Try creating the link in ~/.mozilla/plugins/


----------



## nicholas1918717 (Jun 3, 2009)

hi ale,

i also tried ur suggestion before i post this message, unfortunately no help.


----------



## nicholas1918717 (Jun 3, 2009)

hi,

i have found something interesting, in /usr/local/diablo-jre1.6.0/lib, i can't find "applet", why?


----------



## ale (Jun 3, 2009)

Make sure java is enabled in firefox going _Edit->Preferences->Content->Enable Java_.

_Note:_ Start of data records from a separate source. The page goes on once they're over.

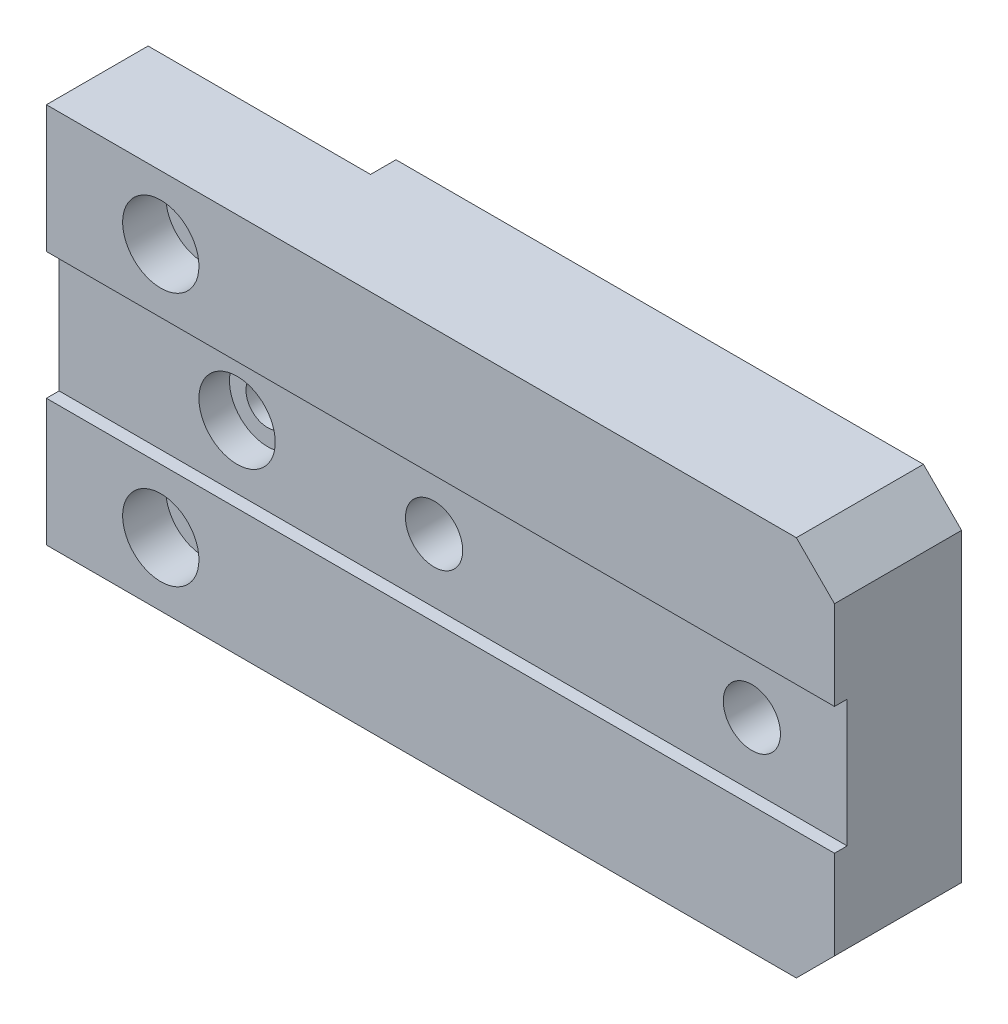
ISO-10303-21;
HEADER;
FILE_DESCRIPTION(('STEP AP214'),'2;1');
FILE_NAME('part.step','',(''),(''),'','','');
FILE_SCHEMA(('AUTOMOTIVE_DESIGN { 1 0 10303 214 1 1 1 1 }'));
ENDSEC;
DATA;
#1=APPLICATION_CONTEXT('core data for automotive mechanical design processes');
#2=APPLICATION_PROTOCOL_DEFINITION('international standard','automotive_design',2000,#1);
#3=PRODUCT_CONTEXT('',#1,'mechanical');
#4=PRODUCT('Part','Part','',(#3));
#5=PRODUCT_RELATED_PRODUCT_CATEGORY('part','',(#4));
#6=PRODUCT_DEFINITION_FORMATION('','',#4);
#7=PRODUCT_DEFINITION_CONTEXT('part definition',#1,'design');
#8=PRODUCT_DEFINITION('design','',#6,#7);
#9=PRODUCT_DEFINITION_SHAPE('','',#8);
#10=(LENGTH_UNIT() NAMED_UNIT(*) SI_UNIT(.MILLI.,.METRE.));
#11=(NAMED_UNIT(*) PLANE_ANGLE_UNIT() SI_UNIT($,.RADIAN.));
#12=(NAMED_UNIT(*) SI_UNIT($,.STERADIAN.) SOLID_ANGLE_UNIT());
#13=UNCERTAINTY_MEASURE_WITH_UNIT(LENGTH_MEASURE(1.E-05),#10,'distance_accuracy_value','');
#14=(GEOMETRIC_REPRESENTATION_CONTEXT(3) GLOBAL_UNCERTAINTY_ASSIGNED_CONTEXT((#13)) GLOBAL_UNIT_ASSIGNED_CONTEXT((#10,
#11,#12)) REPRESENTATION_CONTEXT('',''));
#15=CARTESIAN_POINT('',(0.,0.,0.));
#16=DIRECTION('',(0.,0.,1.));
#17=DIRECTION('',(1.,0.,0.));
#18=AXIS2_PLACEMENT_3D('',#15,#16,#17);
#19=CARTESIAN_POINT('',(0.,0.,10.));
#20=DIRECTION('',(0.,0.,-1.));
#21=DIRECTION('',(-1.,0.,0.));
#22=AXIS2_PLACEMENT_3D('',#19,#20,#21);
#23=PLANE('',#22);
#24=CARTESIAN_POINT('',(5.8,10.,10.));
#25=DIRECTION('',(0.,0.,1.));
#26=DIRECTION('',(1.,0.,0.));
#27=AXIS2_PLACEMENT_3D('',#24,#25,#26);
#28=CIRCLE('',#27,3.);
#29=CARTESIAN_POINT('',(8.8,10.,10.));
#30=VERTEX_POINT('',#29);
#31=EDGE_CURVE('E151',#30,#30,#28,.T.);
#32=ORIENTED_EDGE('',*,*,#31,.F.);
#33=EDGE_LOOP('',(#32));
#34=FACE_BOUND('',#33,.T.);
#35=DIRECTION('',(0.,1.,0.));
#36=VECTOR('',#35,1.);
#37=CARTESIAN_POINT('',(58.8,-15.,10.));
#38=LINE('',#37,#36);
#39=CARTESIAN_POINT('',(58.8,5.,10.));
#40=VERTEX_POINT('',#39);
#41=CARTESIAN_POINT('',(58.8,12.,10.));
#42=VERTEX_POINT('',#41);
#43=EDGE_CURVE('E203',#40,#42,#38,.T.);
#44=ORIENTED_EDGE('',*,*,#43,.T.);
#45=DIRECTION('',(0.707106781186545,-0.70710678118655,0.));
#46=VECTOR('',#45,1.);
#47=CARTESIAN_POINT('',(55.8,15.,10.));
#48=LINE('',#47,#46);
#49=CARTESIAN_POINT('',(55.8,15.,10.));
#50=VERTEX_POINT('',#49);
#51=EDGE_CURVE('E11',#42,#50,#48,.F.);
#52=ORIENTED_EDGE('',*,*,#51,.T.);
#53=DIRECTION('',(-1.,0.,0.));
#54=VECTOR('',#53,1.);
#55=CARTESIAN_POINT('',(-3.2,15.,10.));
#56=LINE('',#55,#54);
#57=CARTESIAN_POINT('',(-3.2,15.,10.));
#58=VERTEX_POINT('',#57);
#59=EDGE_CURVE('E206',#50,#58,#56,.T.);
#60=ORIENTED_EDGE('',*,*,#59,.T.);
#61=DIRECTION('',(0.,-1.,0.));
#62=VECTOR('',#61,1.);
#63=CARTESIAN_POINT('',(-3.2,-15.,10.));
#64=LINE('',#63,#62);
#65=CARTESIAN_POINT('',(-3.2,5.,10.));
#66=VERTEX_POINT('',#65);
#67=EDGE_CURVE('E198',#58,#66,#64,.T.);
#68=ORIENTED_EDGE('',*,*,#67,.T.);
#69=DIRECTION('',(1.,0.,0.));
#70=VECTOR('',#69,1.);
#71=CARTESIAN_POINT('',(-3.2,5.,10.));
#72=LINE('',#71,#70);
#73=EDGE_CURVE('E145',#66,#40,#72,.T.);
#74=ORIENTED_EDGE('',*,*,#73,.T.);
#75=EDGE_LOOP('',(#44,#52,#60,#68,#74));
#76=FACE_BOUND('',#75,.T.);
#77=ADVANCED_FACE('F16',(#34,#76),#23,.F.);
#78=CARTESIAN_POINT('',(-3.2,-15.,10.));
#79=DIRECTION('',(1.,0.,0.));
#80=DIRECTION('',(0.,0.,-1.));
#81=AXIS2_PLACEMENT_3D('',#78,#79,#80);
#82=PLANE('',#81);
#83=DIRECTION('',(0.,1.,0.));
#84=VECTOR('',#83,1.);
#85=CARTESIAN_POINT('',(-3.2,5.,9.));
#86=LINE('',#85,#84);
#87=CARTESIAN_POINT('',(-3.2,-5.,9.));
#88=VERTEX_POINT('',#87);
#89=CARTESIAN_POINT('',(-3.2,5.,9.));
#90=VERTEX_POINT('',#89);
#91=EDGE_CURVE('E121',#88,#90,#86,.T.);
#92=ORIENTED_EDGE('',*,*,#91,.T.);
#93=DIRECTION('',(0.,0.,1.));
#94=VECTOR('',#93,1.);
#95=CARTESIAN_POINT('',(-3.2,5.,10.));
#96=LINE('',#95,#94);
#97=EDGE_CURVE('E127',#90,#66,#96,.T.);
#98=ORIENTED_EDGE('',*,*,#97,.T.);
#99=ORIENTED_EDGE('',*,*,#67,.F.);
#100=DIRECTION('',(0.,0.,-1.));
#101=VECTOR('',#100,1.);
#102=CARTESIAN_POINT('',(-3.2,15.,10.));
#103=LINE('',#102,#101);
#104=CARTESIAN_POINT('',(-3.2,15.,2.));
#105=VERTEX_POINT('',#104);
#106=EDGE_CURVE('E208',#58,#105,#103,.T.);
#107=ORIENTED_EDGE('',*,*,#106,.T.);
#108=DIRECTION('',(0.,1.,0.));
#109=VECTOR('',#108,1.);
#110=CARTESIAN_POINT('',(-3.2,-15.,2.));
#111=LINE('',#110,#109);
#112=CARTESIAN_POINT('',(-3.2,-15.,2.));
#113=VERTEX_POINT('',#112);
#114=EDGE_CURVE('E185',#113,#105,#111,.T.);
#115=ORIENTED_EDGE('',*,*,#114,.F.);
#116=DIRECTION('',(0.,0.,-1.));
#117=VECTOR('',#116,1.);
#118=CARTESIAN_POINT('',(-3.2,-15.,10.));
#119=LINE('',#118,#117);
#120=CARTESIAN_POINT('',(-3.2,-15.,10.));
#121=VERTEX_POINT('',#120);
#122=EDGE_CURVE('E217',#121,#113,#119,.T.);
#123=ORIENTED_EDGE('',*,*,#122,.F.);
#124=CARTESIAN_POINT('',(-3.2,-5.,10.));
#125=VERTEX_POINT('',#124);
#126=EDGE_CURVE('E132',#125,#121,#64,.T.);
#127=ORIENTED_EDGE('',*,*,#126,.F.);
#128=DIRECTION('',(0.,0.,-1.));
#129=VECTOR('',#128,1.);
#130=CARTESIAN_POINT('',(-3.2,-5.,10.));
#131=LINE('',#130,#129);
#132=EDGE_CURVE('E110',#125,#88,#131,.T.);
#133=ORIENTED_EDGE('',*,*,#132,.T.);
#134=EDGE_LOOP('',(#92,#98,#99,#107,#115,#123,#127,#133));
#135=FACE_BOUND('',#134,.T.);
#136=ADVANCED_FACE('F130',(#135),#82,.F.);
#137=CARTESIAN_POINT('',(-3.2,-15.,10.));
#138=DIRECTION('',(0.,1.,0.));
#139=DIRECTION('',(0.,0.,1.));
#140=AXIS2_PLACEMENT_3D('',#137,#138,#139);
#141=PLANE('',#140);
#142=DIRECTION('',(1.,0.,0.));
#143=VECTOR('',#142,1.);
#144=CARTESIAN_POINT('',(-3.2,-15.,0.));
#145=LINE('',#144,#143);
#146=CARTESIAN_POINT('',(14.3,-15.,0.));
#147=VERTEX_POINT('',#146);
#148=CARTESIAN_POINT('',(55.8,-15.,0.));
#149=VERTEX_POINT('',#148);
#150=EDGE_CURVE('E194',#147,#149,#145,.T.);
#151=ORIENTED_EDGE('',*,*,#150,.T.);
#152=DIRECTION('',(0.,0.,1.));
#153=VECTOR('',#152,1.);
#154=CARTESIAN_POINT('',(55.8,-15.,10.));
#155=LINE('',#154,#153);
#156=CARTESIAN_POINT('',(55.8,-15.,10.));
#157=VERTEX_POINT('',#156);
#158=EDGE_CURVE('E37',#149,#157,#155,.T.);
#159=ORIENTED_EDGE('',*,*,#158,.T.);
#160=DIRECTION('',(1.,0.,0.));
#161=VECTOR('',#160,1.);
#162=CARTESIAN_POINT('',(-3.2,-15.,10.));
#163=LINE('',#162,#161);
#164=EDGE_CURVE('E201',#121,#157,#163,.T.);
#165=ORIENTED_EDGE('',*,*,#164,.F.);
#166=ORIENTED_EDGE('',*,*,#122,.T.);
#167=DIRECTION('',(1.,0.,0.));
#168=VECTOR('',#167,1.);
#169=CARTESIAN_POINT('',(-3.2,-15.,2.));
#170=LINE('',#169,#168);
#171=CARTESIAN_POINT('',(14.3,-15.,2.));
#172=VERTEX_POINT('',#171);
#173=EDGE_CURVE('E178',#113,#172,#170,.T.);
#174=ORIENTED_EDGE('',*,*,#173,.T.);
#175=DIRECTION('',(0.,0.,-1.));
#176=VECTOR('',#175,1.);
#177=CARTESIAN_POINT('',(14.3,-15.,0.));
#178=LINE('',#177,#176);
#179=EDGE_CURVE('E181',#172,#147,#178,.T.);
#180=ORIENTED_EDGE('',*,*,#179,.T.);
#181=EDGE_LOOP('',(#151,#159,#165,#166,#174,#180));
#182=FACE_BOUND('',#181,.T.);
#183=ADVANCED_FACE('F261',(#182),#141,.F.);
#184=CARTESIAN_POINT('',(58.8,-15.,10.));
#185=DIRECTION('',(-1.,0.,0.));
#186=DIRECTION('',(0.,0.,1.));
#187=AXIS2_PLACEMENT_3D('',#184,#185,#186);
#188=PLANE('',#187);
#189=CARTESIAN_POINT('',(58.8,-12.,10.));
#190=VERTEX_POINT('',#189);
#191=CARTESIAN_POINT('',(58.8,-5.,10.));
#192=VERTEX_POINT('',#191);
#193=EDGE_CURVE('E204',#190,#192,#38,.T.);
#194=ORIENTED_EDGE('',*,*,#193,.F.);
#195=DIRECTION('',(0.,0.,-1.));
#196=VECTOR('',#195,1.);
#197=CARTESIAN_POINT('',(58.8,-12.,10.));
#198=LINE('',#197,#196);
#199=CARTESIAN_POINT('',(58.8,-12.,0.));
#200=VERTEX_POINT('',#199);
#201=EDGE_CURVE('E237',#190,#200,#198,.T.);
#202=ORIENTED_EDGE('',*,*,#201,.T.);
#203=DIRECTION('',(0.,1.,0.));
#204=VECTOR('',#203,1.);
#205=CARTESIAN_POINT('',(58.8,-15.,0.));
#206=LINE('',#205,#204);
#207=CARTESIAN_POINT('',(58.8,12.,0.));
#208=VERTEX_POINT('',#207);
#209=EDGE_CURVE('E210',#200,#208,#206,.T.);
#210=ORIENTED_EDGE('',*,*,#209,.T.);
#211=DIRECTION('',(0.,0.,1.));
#212=VECTOR('',#211,1.);
#213=CARTESIAN_POINT('',(58.8,12.,10.));
#214=LINE('',#213,#212);
#215=EDGE_CURVE('E220',#208,#42,#214,.T.);
#216=ORIENTED_EDGE('',*,*,#215,.T.);
#217=ORIENTED_EDGE('',*,*,#43,.F.);
#218=DIRECTION('',(0.,0.,1.));
#219=VECTOR('',#218,1.);
#220=CARTESIAN_POINT('',(58.8,5.,10.));
#221=LINE('',#220,#219);
#222=CARTESIAN_POINT('',(58.8,5.,9.));
#223=VERTEX_POINT('',#222);
#224=EDGE_CURVE('E133',#223,#40,#221,.T.);
#225=ORIENTED_EDGE('',*,*,#224,.F.);
#226=DIRECTION('',(0.,1.,0.));
#227=VECTOR('',#226,1.);
#228=CARTESIAN_POINT('',(58.8,5.,9.));
#229=LINE('',#228,#227);
#230=CARTESIAN_POINT('',(58.8,-5.,9.));
#231=VERTEX_POINT('',#230);
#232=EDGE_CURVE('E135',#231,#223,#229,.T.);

Try running `$ /usr/local/diablo-j*1.6.0/jre/bin/jcontrol`
Then go to the _Advanced_ tab and open _Settings->Java console_, select _Show console_ and press _Ok_.
Restart firefox3, go to http://www.java.com/en/download/help/testvm.xml and wait for the applet to be loaded.
Can you see something?


----------



## nicholas1918717 (Jun 3, 2009)

hi ale,

my problem have solved, just quite simple, however, im so stupid. i can't find "applet" at /usr/local/diablo-jre1.6.0/lib, but i find "applet" at /usr/local/diablo-jdk1.6.0/jre/lib accidentally, so i delete the diablo-jre1.6.0, because i know if i installed JDK, the JRE is no need, then i make a symbolic link from /usr/local/diablo-jdk1.6.0/jre/plugin/i386/ns7/libjavaplugin_oji.so to /usr/local/lib/firefox3/plugins, pingo!!


----------



## nicholas1918717 (Jun 3, 2009)

hi ale,

i forget to say, very thanks for ur reply.


----------